# warning about pre-batching.



## a4patch (Oct 7, 2009)

We are working hard to keep up with demand. We decided to pre-batch our oils. My husband weighted and melted the oil in our large pot. Our scales will only go to a certain weight around 10-12 lbs. Over that weight we have to measure it into a separate container and transfer it to the large pot. (the pot is so big we can not see the read out if the pot sits on the scales.) DH then transferred the oil to a 6 gallon bucket. I then came home and we made the premeasured oils to soap by adding them back to the pot and warming them up (cool day and the oils had lost their clarity from cooling)

The batches came up short and not quite tall enough. 

I believe each time we transferred the batch (340 oz batches) we lost a small amount of oil. 

I really need to come up with better system. I like the idea of pre batching, but need a better way to do this.

Suggestions welcome.


----------



## NubianSoaps.com (Oct 26, 2007)

I keep my barrels premelted and new starting when it gets here, my sunflower, safflower and my olive oils will be premixed in it's own barrel. Using the floor scale I simply pump out my oils into the 3.5 gallon buckets I soap in, in as many buckets as I am going to soap that evening...adding coconut oil and then my 1 of my 3 butters (cocoa and mango which go in only a few recipes still stays in the soap room and are melted in the microwave) Shea is melted this time of year without heat. 

By pumping exactly the same base recipe each time, except for one 100% olive oil bar/loofah, and one 100% coconut oil bar (which I always put them into their own bucket with the name of the soap on the outside, so no confusing that way, I am never confused on what I have done and what I haven't. I also have levels of each oil drawn in lines in each bucket, so I can stop pushing in the handle so hard when the level starts getting close to the weight...and full lines also, so I know I made a mistake if it didn't get to the top. I then lug them across the yard from my husbands shop to the soap room two at a time  Even with the new soaproom that part of my soaping has to stay like that, I keep telling myself the exercise and sweating keeps me young!
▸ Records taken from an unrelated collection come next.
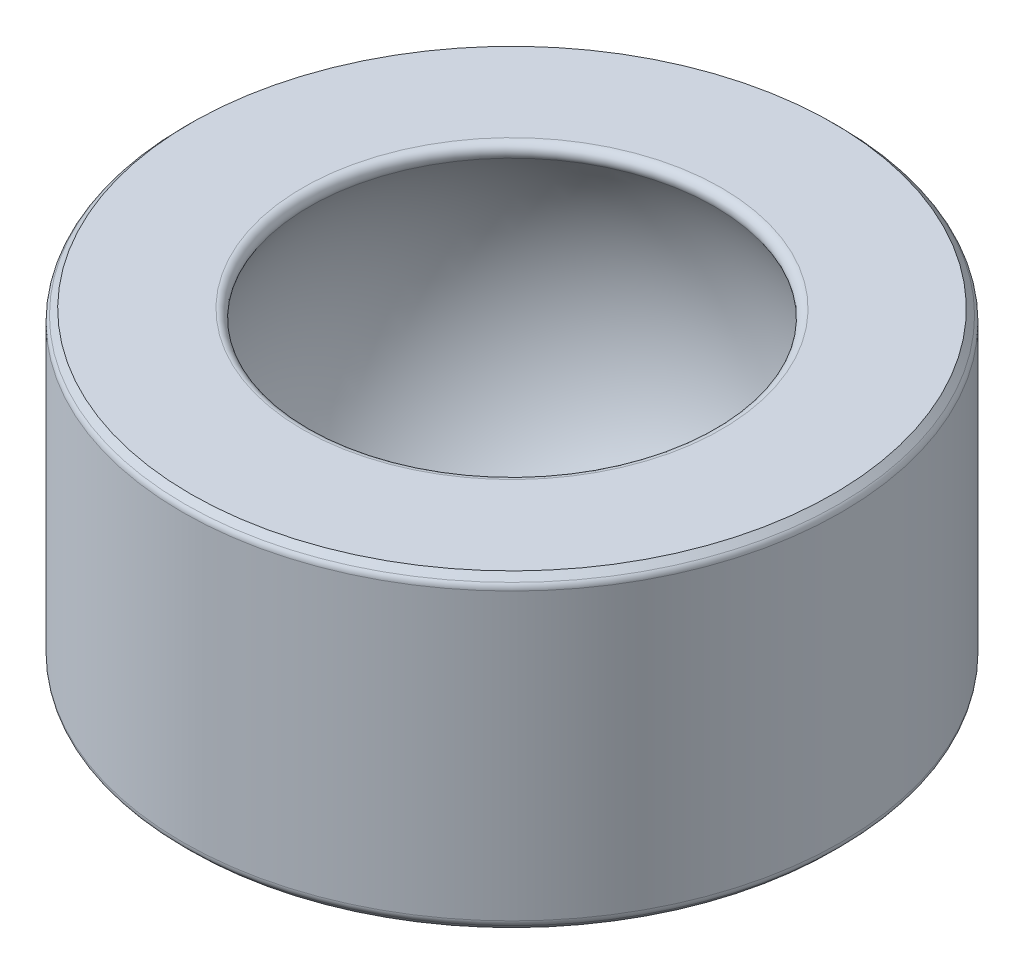
SolidWorks part; units mm, degrees
ref_plane "Front Plane" through (0, 0, 0) normal (0, 0, 1) x (1, 0, 0)
ref_plane "Top Plane" through (0, 0, 0) normal (0, 1, 0) x (1, 0, 0)
ref_plane "Right Plane" through (0, 0, 0) normal (1, 0, 0) x (0, 0, -1)
sketch "Sketch1" plane through (0, 0, 0) normal (0, 1, 0) x (1, 0, 0)
  circle A0 centre (0, 0) radius 2
  circle A1 centre (0, 0) radius 3 construction
  circle A2 centre (0, 0) radius 4
  dimension "D1" = 8
  dimension "D2" = 6
  dimension "D3" = 4
extrude "Boss-Extrude1" add sketch "Sketch1" along normal blind 1.875 and the other way blind 1.875
sketch "Sketch2" plane through (0, 0, 0) normal (0, 1, 0) x (1, 0, 0)
  line L0 (0, 3) -> (0, -3)
  circle A0 centre (0, 0) radius 3 construction
  arc A1 (0, 3) -> (0, -3) centre (0, 0) ccw
revolve "Revolve1" add sketch "Sketch2" angle 360 about L0
combine bodies "Combine1" operation type subtract main body 101 bodies to subtract 102
chamfer "Chamfer1" distance 0.1 angle 45 2 edges at (0, 1.875, 4) (0, -1.875, 4)
fillet "Fillet1" radius 0.1 2 edges at (0, -1.775, 4) (0, 1.775, 4)
fillet "Fillet2" radius 0.1 2 edges at (0, -1.875, 2.3419) (0, 1.875, 2.3419)
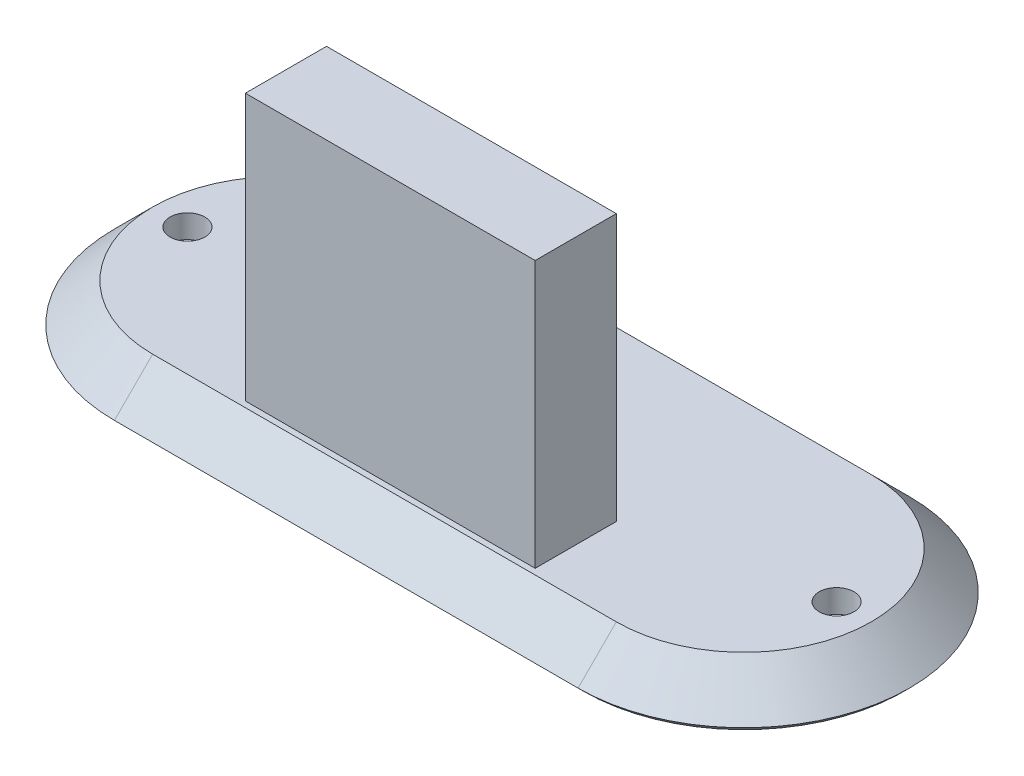
SolidWorks part; units mm, degrees
ref_plane "Plan de face" through (0, 0, 0) normal (0, 0, 1) x (1, 0, 0)
ref_plane "Plan de dessus" through (0, 0, 0) normal (0, 1, 0) x (1, 0, 0)
ref_plane "Plan de droite" through (0, 0, 0) normal (1, 0, 0) x (0, 0, -1)
sketch "Esquisse1" plane through (0, 0, 0) normal (0, 1, 0) x (1, 0, 0)
  line L0 (-20, 0) -> (20, 0) construction
  line L1 (-20, 14.8) -> (20, 14.8)
  line L2 (-20, -14.8) -> (20, -14.8)
  arc A0 (-20, 14.8) -> (-20, -14.8) centre (-20, 0) ccw
  arc A1 (20, -14.8) -> (20, 14.8) centre (20, 0) ccw
  point P3 (0, 0)
  dimension "D1" = 14.8
  dimension "D2" = 40
extrude "Boss.-Extru.1" add sketch "Esquisse1" along normal blind 3.8 draft 45
shell "Coque2" thickness 2 removed face at (0, 0, 0)
chamfer "Chanfrein1" distance 1 angle 45 4 edges at (-34.8, 0, 0) (0, 0, 14.8) (0, 0, -14.8) (34.8, 0, 0) first distance on face at (0, 0, 0)
sketch "Esquisse2" plane through (0, 3.8, 0) normal (0, 1, 0) x (1, 0, 0)
  line L0 (0, 11) -> (0, -11) construction
  line L1 (20, 11) -> (-20, 11) construction
  line L2 (-20, -11) -> (20, -11) construction
  circle A0 centre (-28, 0) radius 1.5
  circle A1 centre (28, 0) radius 1.5
  point P2 (0, 0)
  dimension "D1" = 3
  dimension "D2" = 8
extrude "Enlèv. mat.-Extru.1" cut sketch "Esquisse2" against normal up to next
sketch "Esquisse3" plane through (0, 3.8, 0) normal (0, 1, 0) x (1, 0, 0)
  line L0 (0, 0) -> (0, -8.5) construction
  line L1 (-10.5, -8.5) -> (10.5, -8.5)
  line L2 (-10.5, -8.5) -> (-10.5, -3.5)
  line L3 (12.5, -3.5) -> (12.5, -10.5)
  line L4 (-10.5, -3.5) -> (-12.5, -3.5)
  line L5 (-12.5, -3.5) -> (-12.5, -10.5)
  line L6 (-12.5, -10.5) -> (12.5, -10.5)
  line L7 (10.5, -3.5) -> (12.5, -3.5)
  line L8 (10.5, -8.5) -> (10.5, -3.5)
  point P5 (0, -10.5)
  dimension "D1" = 21
  dimension "D2" = 5
  dimension "D3" = 2
  dimension "D4" = 2
  dimension "D5" = 8.5
extrude "Boss.-Extru.2" add sketch "Esquisse3" along normal blind 21
sketch "Esquisse5" plane through (0, 24.8, 0) normal (0, 1, 0) x (1, 0, 0)
  line L1 (-12.5, -10.5) -> (12.5, -10.5)
  line L2 (-12.5, -10.5) -> (-12.5, -3.5)
  line L3 (-12.5, -3.5) -> (12.5, -3.5)
  line L4 (12.5, -10.5) -> (12.5, -3.5)
extrude "Boss.-Extru.3" add sketch "Esquisse5" along normal blind 2
sketch "Esquisse6" plane through (0, 3.8, 0) normal (0, 1, 0) x (1, 0, 0)
  line L0 (10.5, -8.5) -> (-10.5, -8.5) construction
  line L1 (-8, -8.5) -> (8, -8.5)
  line L2 (-8, -8.5) -> (-8, -6.5)
  line L3 (-8, -6.5) -> (8, -6.5)
  line L4 (0, -8.5) -> (0, 0) construction
  line L5 (8, -8.5) -> (8, -6.5)
  point P9 (0, -6.5)
  dimension "D1" = 2
  dimension "D2" = 16
extrude "Enlèv. mat.-Extru.2" cut sketch "Esquisse6" against normal blind 2

Not only does looking through sites like that helps you see layouts, what you would do and what you don't, but visit as many places in person (that will allow you) to see folks actually doing it. Vicki

I would not want to be melting several batches of oils and butters together unless I had a commercial vat that kept everything warm and stirred....check out soapequipment.com and even then who is filling that vat for her? Vicki


----------



## Kalne (Oct 25, 2007)

I've always suspected/known that. When mixing up a batch that will go for multiple batches I do like Vicki said.....the percentages of all the oils in the pot are the same as what my base recipe is. Then if I want to make a 32 bar batch I know to take out 60 ounces of oil and my scale can handle that with the pot.


----------



## a4patch (Oct 7, 2009)

I am not sure how I will do this, we are still working through. I have to have a pot that is at least 12 inches in diameter to avoid getting the motor in the soap. The buckets in our area that are 3.5 gallons or 4 gallons do not have this diameter. 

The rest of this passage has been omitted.